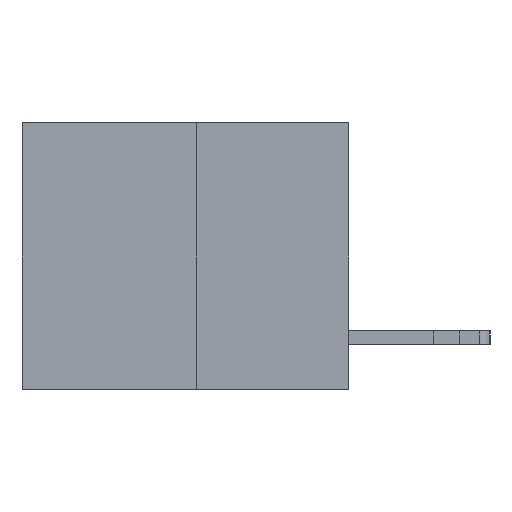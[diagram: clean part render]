
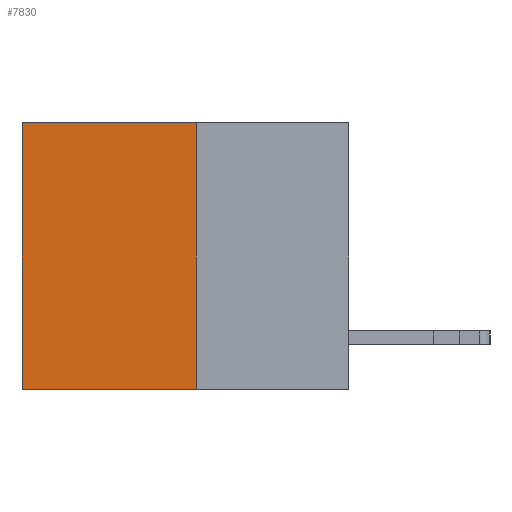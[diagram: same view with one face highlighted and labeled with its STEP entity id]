
A CAD part, left-side view. The second image highlights one B-rep face of the part: STEP entity #7830.
In plain terms, the highlighted planar face has unit normal (-1, 0, 0).
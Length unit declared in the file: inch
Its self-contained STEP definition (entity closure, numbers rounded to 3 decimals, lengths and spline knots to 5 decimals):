
#3334 = CARTESIAN_POINT ( 'NONE',  ( 0.3165, 0.6, -0.49 ) ) ;
#3610 = VERTEX_POINT ( 'NONE', #18239 ) ;
#3961 = LINE ( 'NONE', #22337, #22639 ) ;
#4788 = VECTOR ( 'NONE', #9891, 39.37008 ) ;
#5369 = AXIS2_PLACEMENT_3D ( 'NONE', #16246, #5437, #13077 ) ;
#5384 = VECTOR ( 'NONE', #20027, 39.37008 ) ;
#5437 = DIRECTION ( 'NONE',  ( 1., 0., 0. ) ) ;
#5618 = FACE_OUTER_BOUND ( 'NONE', #11233, .T. ) ;
#5769 = ORIENTED_EDGE ( 'NONE', *, *, #22839, .F. ) ;
#6773 = PLANE ( 'NONE',  #5369 ) ;
#7170 = CARTESIAN_POINT ( 'NONE',  ( 0.3165, 0.28, 0. ) ) ;
#7418 = DIRECTION ( 'NONE',  ( 0., 1., 0. ) ) ;
#7830 = ADVANCED_FACE ( 'NONE', ( #5618 ), #6773, .F. ) ;
#9891 = DIRECTION ( 'NONE',  ( 0., 1., 0. ) ) ;
#10067 = LINE ( 'NONE', #17425, #4788 ) ;
#11133 = EDGE_CURVE ( 'NONE', #22032, #3610, #3961, .T. ) ;
#11233 = EDGE_LOOP ( 'NONE', ( #21163, #5769, #18403, #20048 ) ) ;
#11457 = VERTEX_POINT ( 'NONE', #17716 ) ;
#11647 = EDGE_CURVE ( 'NONE', #11457, #16533, #14766, .T. ) ;
#13077 = DIRECTION ( 'NONE',  ( 0., 0., -1. ) ) ;
#13405 = EDGE_CURVE ( 'NONE', #22032, #11457, #16000, .T. ) ;
#14766 = LINE ( 'NONE', #23467, #5384 ) ;
#16000 = LINE ( 'NONE', #7170, #23851 ) ;
#16109 = CARTESIAN_POINT ( 'NONE',  ( 0.3165, 0.28, 0. ) ) ;
#16246 = CARTESIAN_POINT ( 'NONE',  ( 0.3165, 0.28, -0.49 ) ) ;
#16533 = VERTEX_POINT ( 'NONE', #3334 ) ;
#16836 = DIRECTION ( 'NONE',  ( 0., 0., -1. ) ) ;
#17425 = CARTESIAN_POINT ( 'NONE',  ( 0.3165, 0.28, -0.49 ) ) ;
#17716 = CARTESIAN_POINT ( 'NONE',  ( 0.3165, 0.6, 0. ) ) ;
#18239 = CARTESIAN_POINT ( 'NONE',  ( 0.3165, 0.28, -0.49 ) ) ;
#18403 = ORIENTED_EDGE ( 'NONE', *, *, #11133, .F. ) ;
#20027 = DIRECTION ( 'NONE',  ( 0., 0., -1. ) ) ;
#20048 = ORIENTED_EDGE ( 'NONE', *, *, #13405, .T. ) ;
#21163 = ORIENTED_EDGE ( 'NONE', *, *, #11647, .T. ) ;
#22032 = VERTEX_POINT ( 'NONE', #16109 ) ;
#22337 = CARTESIAN_POINT ( 'NONE',  ( 0.3165, 0.28, -0.49 ) ) ;
#22639 = VECTOR ( 'NONE', #16836, 39.37008 ) ;
#22839 = EDGE_CURVE ( 'NONE', #3610, #16533, #10067, .T. ) ;
#23467 = CARTESIAN_POINT ( 'NONE',  ( 0.3165, 0.6, -0.49 ) ) ;
#23851 = VECTOR ( 'NONE', #7418, 39.37008 ) ;

ACTION ITEM:
The reply should hold only the lines from the first line of the records above through the line containing "#5384 = VECTOR ( 'NONE', #20027, 39.37008 ) ;", copied exactly and without pictures.

REPLY:
[diagram: clean part render]
[diagram: same view with one face highlighted and labeled with its STEP entity id]
A CAD part, left-side view. The second image highlights one B-rep face of the part: STEP entity #7830.
In plain terms, the highlighted planar face has unit normal (-1, 0, 0).
Length unit declared in the file: inch
Its self-contained STEP definition (entity closure, numbers rounded to 3 decimals, lengths and spline knots to 5 decimals):
#3334 = CARTESIAN_POINT ( 'NONE',  ( 0.3165, 0.6, -0.49 ) ) ;
#3610 = VERTEX_POINT ( 'NONE', #18239 ) ;
#3961 = LINE ( 'NONE', #22337, #22639 ) ;
#4788 = VECTOR ( 'NONE', #9891, 39.37008 ) ;
#5369 = AXIS2_PLACEMENT_3D ( 'NONE', #16246, #5437, #13077 ) ;
#5384 = VECTOR ( 'NONE', #20027, 39.37008 ) ;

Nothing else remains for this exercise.